There are two issues: the way you use the FFT, and the particular filter.
Filtering is traditionally implemented as convolution in the time domain. You're right that multiplying the spectra of the input and filter signals is equivalent. However, when you use the Discrete Fourier Transform (DFT) (implemented with a Fast Fourier Transform algorithm for speed), you actually calculate a sampled version of the true spectrum. This has lots of implications, but the one most relevant to filtering is the implication that the time domain signal is periodic.
Here's an example. Consider a sinusoidal input signal x
with 1.5 cycles in the period, and a simple low pass filter h
. In Matlab/Octave syntax:
N = 1024;
n = (1:N)'-1; %'# define the time index
x = sin(2*pi*1.5*n/N); %# input with 1.5 cycles per 1024 points
h = hanning(129) .* sinc(0.25*(-64:1:64)'); %'# windowed sinc LPF, Fc = pi/4
h = [h./sum(h)]; %# normalize DC gain
y = ifft(fft(x) .* fft(h,N)); %# inverse FT of product of sampled spectra
y = real(y); %# due to numerical error, y has a tiny imaginary part
%# Depending on your FT/IFT implementation, might have to scale by N or 1/N here
plot(y);
And here's the graph:
The glitch at the beginning of the block is not what we expect at all. But if you consider fft(x)

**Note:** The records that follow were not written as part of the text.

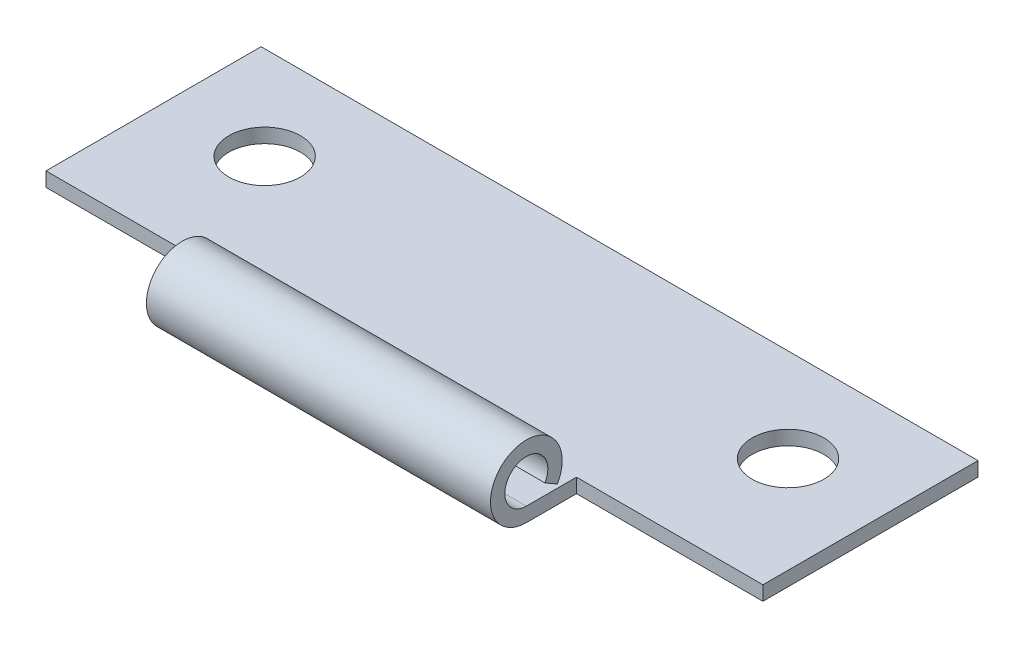
from build123d import *

# Parameters (mm, degrees)
SKETCH2_W               = 50
SKETCH2_H               = 21
BASE_FLANGE1_DEPTH      = 1
HEM1_START              = -25
HEM1_DEPTH              = 50
HEM1_2_DEPTH            = 50
CUT_EXTRUDE1_DEPTH      = 28.408940147
CUT_EXTRUDE1_DEPTH_BACK = 28.408940147
SKETCH5_W               = 13
SKETCH5_H               = 6
SKETCH6_R               = 2.5
CUT_EXTRUDE2_DEPTH      = 28.408940147


# Read off the part's stored shape, not the designer's step: Hem1
# Sheet-metal steps are written as plain solids
with BuildPart() as part:
    # Sketch2 → Base-Flange1 (new body)
    with BuildSketch(Plane(origin=(0, 0, 0), x_dir=(1, 0, 0), z_dir=(0, 1, 0))):
        Rectangle(SKETCH2_W, SKETCH2_H)
    extrude(amount=-BASE_FLANGE1_DEPTH)

    # Hem1 outline → Hem1 (cut)
    with BuildSketch(Plane.YZ.offset(HEM1_START)):
        with BuildLine():
            ThreePointArc((-1, 8), (-0.736067978, 9.118033989), (0, 10))
            Line((0, 10), (0, 10.5))
            Line((0, 10.5), (-1, 10.5))
            Line((-1, 10.5), (-1, 8))
        make_face()
    extrude(amount=HEM1_DEPTH, mode=Mode.SUBTRACT)

    # Hem1 2 outline → Hem1 2 (add)
    with BuildSketch(Plane.YZ.offset(HEM1_START)):
        with BuildLine():
            Line((0.75, 6.700961894), (0.25, 5.834936491))
            ThreePointArc((0.25, 5.834936491), (3.995508667, 8.149788152), (0, 10))
            Line((0, 10), (0, 8))
            ThreePointArc((0, 8), (2.799038106, 8.75), (0.75, 6.700961894))
        make_face()
    extrude(amount=HEM1_2_DEPTH)

    # Sketch5 → Cut-Extrude1 (cut, two sides: drawn at the far end of the back side and taken through both)
    with BuildSketch(Plane(origin=(0, 0, 0), x_dir=(1, 0, 0), z_dir=(0, 1, 0)).offset(-CUT_EXTRUDE1_DEPTH_BACK)):
        with Locations((18.5, -7.5)):
            Rectangle(SKETCH5_W, SKETCH5_H)
        with Locations((-18.5, -7.5)):
            Rectangle(SKETCH5_W, SKETCH5_H)
    extrude(amount=CUT_EXTRUDE1_DEPTH + CUT_EXTRUDE1_DEPTH_BACK, mode=Mode.SUBTRACT)

    # Sketch6 → Cut-Extrude2 (cut, through all)
    with BuildSketch(Plane(origin=(0, 0, 0), x_dir=(1, 0, 0), z_dir=(0, 1, 0))):
        with Locations(Location((18.25, 4, 0), (0, 0, 270))):
            Circle(SKETCH6_R)
        with Locations(Location((-18.25, 4, 0), (0, 0, 270))):
            Circle(SKETCH6_R)
    extrude(amount=-CUT_EXTRUDE2_DEPTH, mode=Mode.SUBTRACT)


solid = part.part

, it makes sense. The Discrete Fourier Transform assumes the signal is periodic within the transform block. As far as the DFT knows, we asked for the transform of one period of this:
This leads to the first important consideration when filtering with DFTs: you are actually implementing circular convolution, not linear convolution. So the "glitch" in the first graph is not really a glitch when you consider the math. So then the question becomes: is there a way to work around the periodicity? The answer is yes: use overlap-save processing. Essentially, you calculate N-long products as above, but only keep N/2 points.
Nproc = 512;
xproc = zeros(2*Nproc,1); %# initialize temp buffer
idx = 1:Nproc; %# initialize half-buffer index
ycorrect = zeros(2*Nproc,1); %# initialize destination
for ctr = 1:(length(x)/Nproc) %# iterate over x 512 points at a time
xproc(1:Nproc) = xproc((Nproc+1):end); %# shift 2nd half of last iteration to 1st half of this iteration
xproc((Nproc+1):end) = x(idx); %# fill 2nd half of this iteration with new data
yproc = ifft(fft(xproc) .* fft(h,2*Nproc)); %# calculate new buffer
ycorrect(idx) = real(yproc((Nproc+1):end)); %# keep 2nd half of new buffer
idx = idx + Nproc; %# step half-buffer index
end
And here's the graph of ycorrect
:
This picture makes sense - we expect a startup transient from the filter, then the result settles into the steady state sinusoidal response. Note that now x
can be arbitrarily long. The limitation is Nproc > 2*min(length(x),length(h))
.
Now onto the second issue: the particular filter. In your loop, you create a filter who's spectrum is essentially H = [0 (1:511)/512 1 (511:-1:1)/512]';
If you do hraw = real(ifft(H)); plot(hraw)
, you get:
It's hard to see, but there are a bunch of non-zero points at the far left edge of the graph, and then a bunch more at the far right edge. Using Octave's built-in freqz
function to look at the frequency response we see (by doing freqz(hraw)
):
The magnitude response has a lot of ripples from the high-pass envelope down to zero. Again, the periodicity inherent in the DFT is at work. As far as the DFT is concerned, hraw
repeats over and over again. But if you take one period of hraw
, as freqz
does, its spectrum is quite different from the periodic version's.
So let's define a new signal: hrot = [hraw(513:end) ; hraw(1:512)];
We simply rotate the raw DFT output to make it continuous within the block. Now let's look at the frequency response using freqz(hrot)
:
Much better. The desired envelope is there, without all the ripples. Of course, the implementation isn't so simple now, you have to do a full complex multiply by fft(hrot)
rather than just scaling each complex bin, but at least you'll get the right answer.
Note that for speed, you'd usually pre-calculate the DFT of the padded h
, I left it alone in the loop to more easily compare with the original.